Work task >> Stop after the line containing "msp = doc.modelspace()": print each line exactly from the first line of the listing up to that point.

Data excerpts >>
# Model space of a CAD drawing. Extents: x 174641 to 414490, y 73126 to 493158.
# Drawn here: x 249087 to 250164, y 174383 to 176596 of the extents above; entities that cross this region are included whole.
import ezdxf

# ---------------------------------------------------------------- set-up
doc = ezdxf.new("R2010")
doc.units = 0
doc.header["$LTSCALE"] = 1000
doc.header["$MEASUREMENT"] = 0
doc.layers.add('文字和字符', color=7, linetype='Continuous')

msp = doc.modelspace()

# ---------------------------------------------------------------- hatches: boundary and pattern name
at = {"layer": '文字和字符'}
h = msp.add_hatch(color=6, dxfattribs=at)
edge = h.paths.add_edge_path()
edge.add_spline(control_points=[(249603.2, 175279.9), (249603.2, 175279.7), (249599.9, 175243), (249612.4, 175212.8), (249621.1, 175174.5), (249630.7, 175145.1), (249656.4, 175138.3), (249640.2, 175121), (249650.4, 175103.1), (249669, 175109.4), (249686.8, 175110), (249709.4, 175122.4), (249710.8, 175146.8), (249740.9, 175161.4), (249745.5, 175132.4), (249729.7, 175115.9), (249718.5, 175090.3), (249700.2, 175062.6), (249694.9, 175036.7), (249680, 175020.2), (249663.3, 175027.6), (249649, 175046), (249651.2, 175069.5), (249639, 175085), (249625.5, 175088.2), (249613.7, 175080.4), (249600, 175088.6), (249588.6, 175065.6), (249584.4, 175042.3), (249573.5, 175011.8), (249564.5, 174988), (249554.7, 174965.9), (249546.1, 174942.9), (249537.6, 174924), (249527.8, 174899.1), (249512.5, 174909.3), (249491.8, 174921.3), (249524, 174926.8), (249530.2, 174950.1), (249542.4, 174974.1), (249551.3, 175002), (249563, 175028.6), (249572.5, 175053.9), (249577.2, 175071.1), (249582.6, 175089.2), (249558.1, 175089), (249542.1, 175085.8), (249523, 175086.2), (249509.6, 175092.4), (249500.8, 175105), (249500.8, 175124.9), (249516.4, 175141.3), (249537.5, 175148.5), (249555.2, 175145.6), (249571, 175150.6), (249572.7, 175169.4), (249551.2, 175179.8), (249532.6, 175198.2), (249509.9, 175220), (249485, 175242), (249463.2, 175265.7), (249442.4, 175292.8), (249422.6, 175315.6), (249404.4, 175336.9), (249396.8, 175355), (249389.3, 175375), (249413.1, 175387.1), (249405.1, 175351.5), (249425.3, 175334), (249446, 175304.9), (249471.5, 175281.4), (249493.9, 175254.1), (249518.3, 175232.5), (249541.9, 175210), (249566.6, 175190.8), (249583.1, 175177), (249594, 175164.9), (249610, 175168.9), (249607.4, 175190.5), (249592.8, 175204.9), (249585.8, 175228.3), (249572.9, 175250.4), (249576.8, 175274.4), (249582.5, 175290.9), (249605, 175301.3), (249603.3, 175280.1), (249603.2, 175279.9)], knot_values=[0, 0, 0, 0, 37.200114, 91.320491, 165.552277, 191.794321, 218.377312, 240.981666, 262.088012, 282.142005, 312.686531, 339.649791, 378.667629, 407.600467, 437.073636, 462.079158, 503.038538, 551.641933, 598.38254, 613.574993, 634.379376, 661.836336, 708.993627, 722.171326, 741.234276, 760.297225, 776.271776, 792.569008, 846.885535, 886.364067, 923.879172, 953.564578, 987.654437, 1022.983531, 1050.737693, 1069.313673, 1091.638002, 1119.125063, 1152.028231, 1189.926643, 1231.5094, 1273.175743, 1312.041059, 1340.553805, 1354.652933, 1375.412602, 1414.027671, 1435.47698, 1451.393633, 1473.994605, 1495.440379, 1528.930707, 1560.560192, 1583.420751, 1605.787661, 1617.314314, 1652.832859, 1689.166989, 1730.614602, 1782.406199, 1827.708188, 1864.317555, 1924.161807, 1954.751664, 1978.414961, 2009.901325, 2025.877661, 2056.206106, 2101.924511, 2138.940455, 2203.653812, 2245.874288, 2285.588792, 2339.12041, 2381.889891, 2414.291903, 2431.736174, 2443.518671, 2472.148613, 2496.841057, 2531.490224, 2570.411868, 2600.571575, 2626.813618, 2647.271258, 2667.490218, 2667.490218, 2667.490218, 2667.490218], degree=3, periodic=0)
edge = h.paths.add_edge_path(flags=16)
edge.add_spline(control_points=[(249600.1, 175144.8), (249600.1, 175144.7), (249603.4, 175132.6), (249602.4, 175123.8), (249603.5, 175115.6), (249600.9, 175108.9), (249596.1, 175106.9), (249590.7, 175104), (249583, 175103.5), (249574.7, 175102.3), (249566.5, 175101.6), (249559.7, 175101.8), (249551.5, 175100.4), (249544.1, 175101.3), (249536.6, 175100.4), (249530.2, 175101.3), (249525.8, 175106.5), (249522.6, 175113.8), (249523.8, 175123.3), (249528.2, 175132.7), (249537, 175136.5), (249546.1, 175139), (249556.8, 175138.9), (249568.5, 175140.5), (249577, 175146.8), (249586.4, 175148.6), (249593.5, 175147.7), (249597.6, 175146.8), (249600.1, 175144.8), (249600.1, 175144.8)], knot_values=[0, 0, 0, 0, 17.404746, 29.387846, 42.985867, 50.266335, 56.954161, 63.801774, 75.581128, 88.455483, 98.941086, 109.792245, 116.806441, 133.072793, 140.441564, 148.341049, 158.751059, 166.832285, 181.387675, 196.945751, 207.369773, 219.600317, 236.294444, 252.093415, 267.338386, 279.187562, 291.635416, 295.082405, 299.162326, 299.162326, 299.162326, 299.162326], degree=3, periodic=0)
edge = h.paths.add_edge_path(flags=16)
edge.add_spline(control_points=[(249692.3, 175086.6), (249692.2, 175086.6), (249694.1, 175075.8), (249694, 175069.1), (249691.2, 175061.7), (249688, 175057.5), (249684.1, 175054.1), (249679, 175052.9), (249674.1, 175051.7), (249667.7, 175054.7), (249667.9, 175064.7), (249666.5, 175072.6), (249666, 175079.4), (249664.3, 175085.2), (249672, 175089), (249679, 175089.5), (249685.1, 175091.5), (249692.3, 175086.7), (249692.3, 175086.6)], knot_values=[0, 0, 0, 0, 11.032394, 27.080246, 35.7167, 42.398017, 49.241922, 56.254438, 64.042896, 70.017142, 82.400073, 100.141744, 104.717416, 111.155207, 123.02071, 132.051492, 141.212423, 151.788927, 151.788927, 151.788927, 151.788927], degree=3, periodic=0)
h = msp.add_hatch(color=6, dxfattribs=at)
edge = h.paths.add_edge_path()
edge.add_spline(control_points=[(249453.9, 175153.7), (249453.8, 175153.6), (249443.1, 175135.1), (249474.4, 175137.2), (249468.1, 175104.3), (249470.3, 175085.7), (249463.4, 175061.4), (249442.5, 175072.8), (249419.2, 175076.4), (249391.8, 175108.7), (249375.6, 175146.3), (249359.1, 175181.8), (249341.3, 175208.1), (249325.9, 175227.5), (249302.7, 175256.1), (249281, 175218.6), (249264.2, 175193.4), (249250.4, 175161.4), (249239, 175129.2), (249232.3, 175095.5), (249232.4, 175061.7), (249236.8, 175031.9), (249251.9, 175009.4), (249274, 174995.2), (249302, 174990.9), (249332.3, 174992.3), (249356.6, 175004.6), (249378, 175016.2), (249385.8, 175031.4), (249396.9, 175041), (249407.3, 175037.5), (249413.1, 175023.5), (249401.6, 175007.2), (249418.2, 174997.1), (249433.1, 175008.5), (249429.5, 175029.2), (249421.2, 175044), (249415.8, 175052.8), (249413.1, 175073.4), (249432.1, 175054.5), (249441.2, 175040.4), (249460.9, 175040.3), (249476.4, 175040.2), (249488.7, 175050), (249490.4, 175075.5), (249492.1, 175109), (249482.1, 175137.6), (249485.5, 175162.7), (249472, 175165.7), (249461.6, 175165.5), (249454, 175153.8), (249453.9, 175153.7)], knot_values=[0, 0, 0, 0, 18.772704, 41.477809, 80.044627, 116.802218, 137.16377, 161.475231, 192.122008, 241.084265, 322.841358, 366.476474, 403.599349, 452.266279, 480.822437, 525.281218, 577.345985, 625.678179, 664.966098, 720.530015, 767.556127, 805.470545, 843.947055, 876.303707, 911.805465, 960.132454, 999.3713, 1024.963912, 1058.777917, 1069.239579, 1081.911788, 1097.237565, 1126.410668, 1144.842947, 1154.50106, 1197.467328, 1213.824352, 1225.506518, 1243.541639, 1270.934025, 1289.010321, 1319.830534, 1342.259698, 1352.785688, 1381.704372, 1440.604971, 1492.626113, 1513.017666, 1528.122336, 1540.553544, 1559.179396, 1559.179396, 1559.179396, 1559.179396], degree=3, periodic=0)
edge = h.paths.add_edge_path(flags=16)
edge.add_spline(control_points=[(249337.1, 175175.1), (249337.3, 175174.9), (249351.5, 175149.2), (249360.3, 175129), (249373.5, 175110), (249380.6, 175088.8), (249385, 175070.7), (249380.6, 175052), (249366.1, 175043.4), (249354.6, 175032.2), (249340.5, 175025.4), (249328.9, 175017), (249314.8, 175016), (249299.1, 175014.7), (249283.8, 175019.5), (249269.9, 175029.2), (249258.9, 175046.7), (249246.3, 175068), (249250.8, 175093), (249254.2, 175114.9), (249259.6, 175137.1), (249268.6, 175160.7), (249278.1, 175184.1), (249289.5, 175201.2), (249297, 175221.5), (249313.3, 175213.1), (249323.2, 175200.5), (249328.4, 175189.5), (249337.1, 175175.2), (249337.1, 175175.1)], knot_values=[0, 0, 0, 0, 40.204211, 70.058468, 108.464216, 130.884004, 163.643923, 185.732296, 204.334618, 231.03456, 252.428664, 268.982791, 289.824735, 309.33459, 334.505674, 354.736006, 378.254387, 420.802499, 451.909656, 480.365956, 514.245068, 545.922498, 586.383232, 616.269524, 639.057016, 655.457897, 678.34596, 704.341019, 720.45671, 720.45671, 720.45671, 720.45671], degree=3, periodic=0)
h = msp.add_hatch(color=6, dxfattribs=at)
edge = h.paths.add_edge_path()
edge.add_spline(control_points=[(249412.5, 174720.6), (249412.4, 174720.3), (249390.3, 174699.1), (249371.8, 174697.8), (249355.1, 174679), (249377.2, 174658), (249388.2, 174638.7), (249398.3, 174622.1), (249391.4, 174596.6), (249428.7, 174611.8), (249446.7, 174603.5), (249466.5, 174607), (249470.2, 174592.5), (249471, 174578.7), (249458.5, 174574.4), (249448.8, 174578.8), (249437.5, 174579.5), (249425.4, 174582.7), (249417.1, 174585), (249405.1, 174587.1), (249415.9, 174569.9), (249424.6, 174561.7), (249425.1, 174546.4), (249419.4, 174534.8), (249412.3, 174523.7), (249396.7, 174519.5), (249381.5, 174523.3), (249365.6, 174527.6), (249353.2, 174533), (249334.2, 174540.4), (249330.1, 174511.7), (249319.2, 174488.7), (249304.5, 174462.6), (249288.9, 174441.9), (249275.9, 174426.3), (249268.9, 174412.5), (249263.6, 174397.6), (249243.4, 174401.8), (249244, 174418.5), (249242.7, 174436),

Answer space >>
# Model space of a CAD drawing. Extents: x 174641 to 414490, y 73126 to 493158.
# Drawn here: x 249087 to 250164, y 174383 to 176596 of the extents above; entities that cross this region are included whole.
import ezdxf

# ---------------------------------------------------------------- set-up
doc = ezdxf.new("R2010")
doc.units = 0
doc.header["$LTSCALE"] = 1000
doc.header["$MEASUREMENT"] = 0
doc.layers.add('文字和字符', color=7, linetype='Continuous')

msp = doc.modelspace()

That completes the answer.